PyTorch does not provide the fine-grained tracking of pseudo-random state that competing numerical libraries such as JAX do. Our solution, that we use for all built-in implementations with pseudo-random operations, and that we recommend the user adopt for all their extensions, is to initialise a random generator per Module that is used to control all random operations used within that Module.
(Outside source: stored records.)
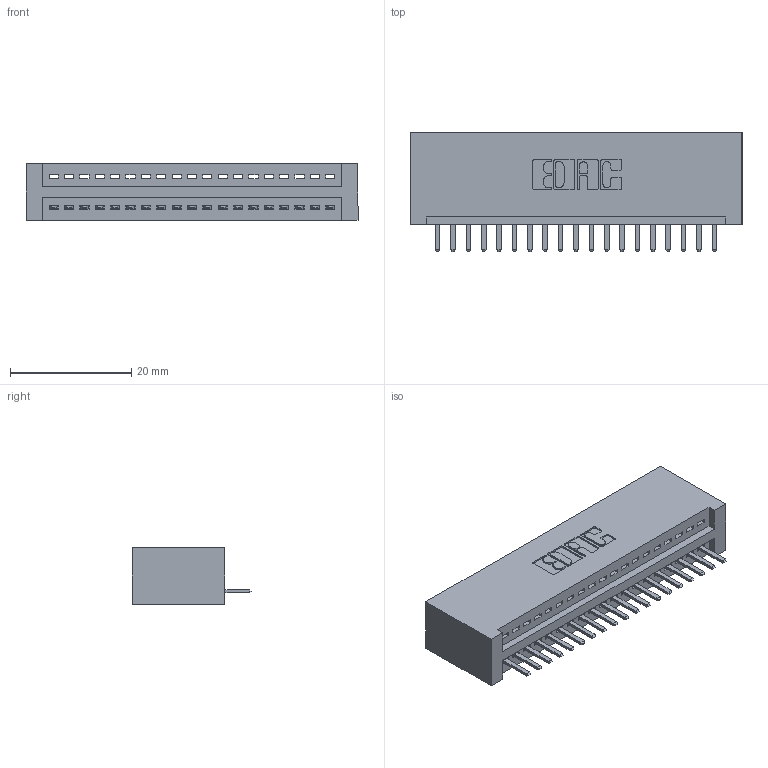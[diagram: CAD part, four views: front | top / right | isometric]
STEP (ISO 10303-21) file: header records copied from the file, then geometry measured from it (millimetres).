
FILE_DESCRIPTION (( 'STEP AP203' ), '1' );
FILE_NAME ('395-019-520-101.STEP', '2019-10-17T16:31:53', ( '' ), ( '' ), 'SwSTEP 2.0', 'SolidWorks 2016', '' );
FILE_SCHEMA (( 'CONFIG_CONTROL_DESIGN' ));
Length unit declared in the file: inch
Products named in the file (3): 395-019-520-101; 345-292-001_345-293-120; 345 Part_No Mounting Lugs
Assembly tree (20 placements, depth 2):
  395-019-520-101
    345 Part_No Mounting Lugs
    345-292-001_345-293-120  x19
Bounding box: 54.86 x 19.68 x 9.4 mm (x, y, z)
Volume: 5552.3 mm3; surface area: 7077.3 mm2
Topology: 20 solids, 20 shells, 1296 faces, 3813 edges, 2490 vertices
Faces by surface type: plane 874, cylinder 422
Entity records: 17233 total; most frequent: CARTESIAN_POINT 3005, ORIENTED_EDGE 2946, DIRECTION 2639, EDGE_CURVE 1473, LINE 1269, VECTOR 1269, VERTEX_POINT 978, AXIS2_PLACEMENT_3D 685
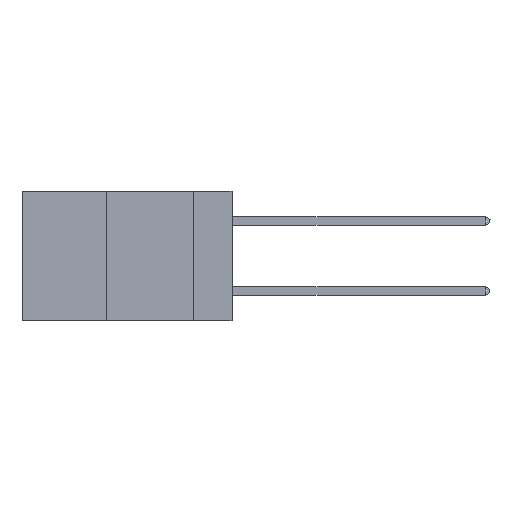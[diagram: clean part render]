
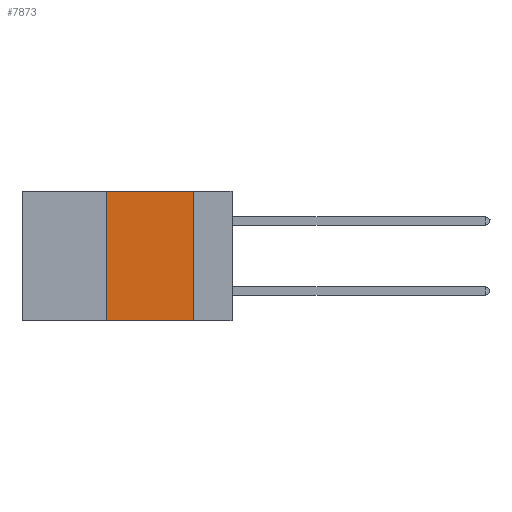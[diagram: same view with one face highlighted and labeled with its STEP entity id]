
A CAD part, left-side view. The second image highlights one B-rep face of the part: STEP entity #7873.
In plain terms, the highlighted planar face has unit normal (-1, 0, 0).
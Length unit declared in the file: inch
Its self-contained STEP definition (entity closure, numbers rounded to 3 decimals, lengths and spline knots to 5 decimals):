
#1733 = FACE_OUTER_BOUND ( 'NONE', #18670, .T. ) ;
#2161 = EDGE_CURVE ( 'NONE', #10029, #17665, #4350, .T. ) ;
#2415 = CARTESIAN_POINT ( 'NONE',  ( 0., 0.36, 0. ) ) ;
#2503 = VECTOR ( 'NONE', #9986, 39.37008 ) ;
#3212 = EDGE_CURVE ( 'NONE', #19777, #14713, #19995, .T. ) ;
#4350 = LINE ( 'NONE', #12884, #15622 ) ;
#5806 = LINE ( 'NONE', #18628, #14796 ) ;
#6129 = CARTESIAN_POINT ( 'NONE',  ( 0., 0.11, 0. ) ) ;
#6777 = CARTESIAN_POINT ( 'NONE',  ( 0., 0.11, 0. ) ) ;
#7456 = DIRECTION ( 'NONE',  ( 0., -1., 0. ) ) ;
#7873 = ADVANCED_FACE ( 'NONE', ( #1733 ), #9247, .F. ) ;
#9103 = ORIENTED_EDGE ( 'NONE', *, *, #13889, .T. ) ;
#9142 = CARTESIAN_POINT ( 'NONE',  ( 0., 0.6, -0.37 ) ) ;
#9247 = PLANE ( 'NONE',  #9894 ) ;
#9363 = EDGE_CURVE ( 'NONE', #17665, #19777, #5806, .T. ) ;
#9862 = ORIENTED_EDGE ( 'NONE', *, *, #3212, .F. ) ;
#9894 = AXIS2_PLACEMENT_3D ( 'NONE', #20603, #20751, #19154 ) ;
#9986 = DIRECTION ( 'NONE',  ( 0., 0., -1. ) ) ;
#9998 = LINE ( 'NONE', #9142, #17915 ) ;
#10029 = VERTEX_POINT ( 'NONE', #16297 ) ;
#12884 = CARTESIAN_POINT ( 'NONE',  ( 0., 0.36, 0. ) ) ;
#13889 = EDGE_CURVE ( 'NONE', #10029, #14713, #9998, .T. ) ;
#14054 = DIRECTION ( 'NONE',  ( 0., -1., 0. ) ) ;
#14384 = CARTESIAN_POINT ( 'NONE',  ( 0., 0.11, -0.37 ) ) ;
#14395 = DIRECTION ( 'NONE',  ( 0., 0., 1. ) ) ;
#14713 = VERTEX_POINT ( 'NONE', #14384 ) ;
#14796 = VECTOR ( 'NONE', #7456, 39.37008 ) ;
#14907 = ORIENTED_EDGE ( 'NONE', *, *, #9363, .F. ) ;
#15622 = VECTOR ( 'NONE', #14395, 39.37008 ) ;
#16297 = CARTESIAN_POINT ( 'NONE',  ( 0., 0.36, -0.37 ) ) ;
#17665 = VERTEX_POINT ( 'NONE', #2415 ) ;
#17915 = VECTOR ( 'NONE', #14054, 39.37008 ) ;
#18367 = ORIENTED_EDGE ( 'NONE', *, *, #2161, .F. ) ;
#18628 = CARTESIAN_POINT ( 'NONE',  ( 0., 0.6, 0. ) ) ;
#18670 = EDGE_LOOP ( 'NONE', ( #9862, #14907, #18367, #9103 ) ) ;
#19154 = DIRECTION ( 'NONE',  ( 0., 0., -1. ) ) ;
#19777 = VERTEX_POINT ( 'NONE', #6777 ) ;
#19995 = LINE ( 'NONE', #6129, #2503 ) ;
#20603 = CARTESIAN_POINT ( 'NONE',  ( 0., 0.6, 0. ) ) ;
#20751 = DIRECTION ( 'NONE',  ( 1., 0., 0. ) ) ;

Some torch CUDA operations are non-deterministic by default, see the documentation of torch.use_deterministic_algorithms8 for detail ( https://docs.pytorch.org/docs/stable/generated/torch.use_deterministic_algorithms.html ). This non-determinacy is at the or- der of precision over a single operation, but our tests showed it can result in a significant variance over the the course of a full forward pass. We provide a context manager pydpf.utils.set_deterministic_mode that set the environment variable “CUBLAS_WORKSPACE_CONFIG” = “:4096:8” and calls torch.use_deterministic_algorithms(True) before reverting to default settings on context exit. Under this context we expect an increase in the time and memory costs for CUDA operations compared to the non-deterministic implementations. Note, however, that several of the implemented DPFs rely on the torch.cumsum() operation that is never guaranteed to be deterministic. Despite this, in our experiments we observe that the results are consistent on our set-up. Furthermore, PyTorch does not guarantee reproducibility across differing hardware, PyTorch versions or versions of upstream dependencies such as CUDA. For this reason we repeat all our experiments across several random seeds to mitigate some of this unavoidable variance.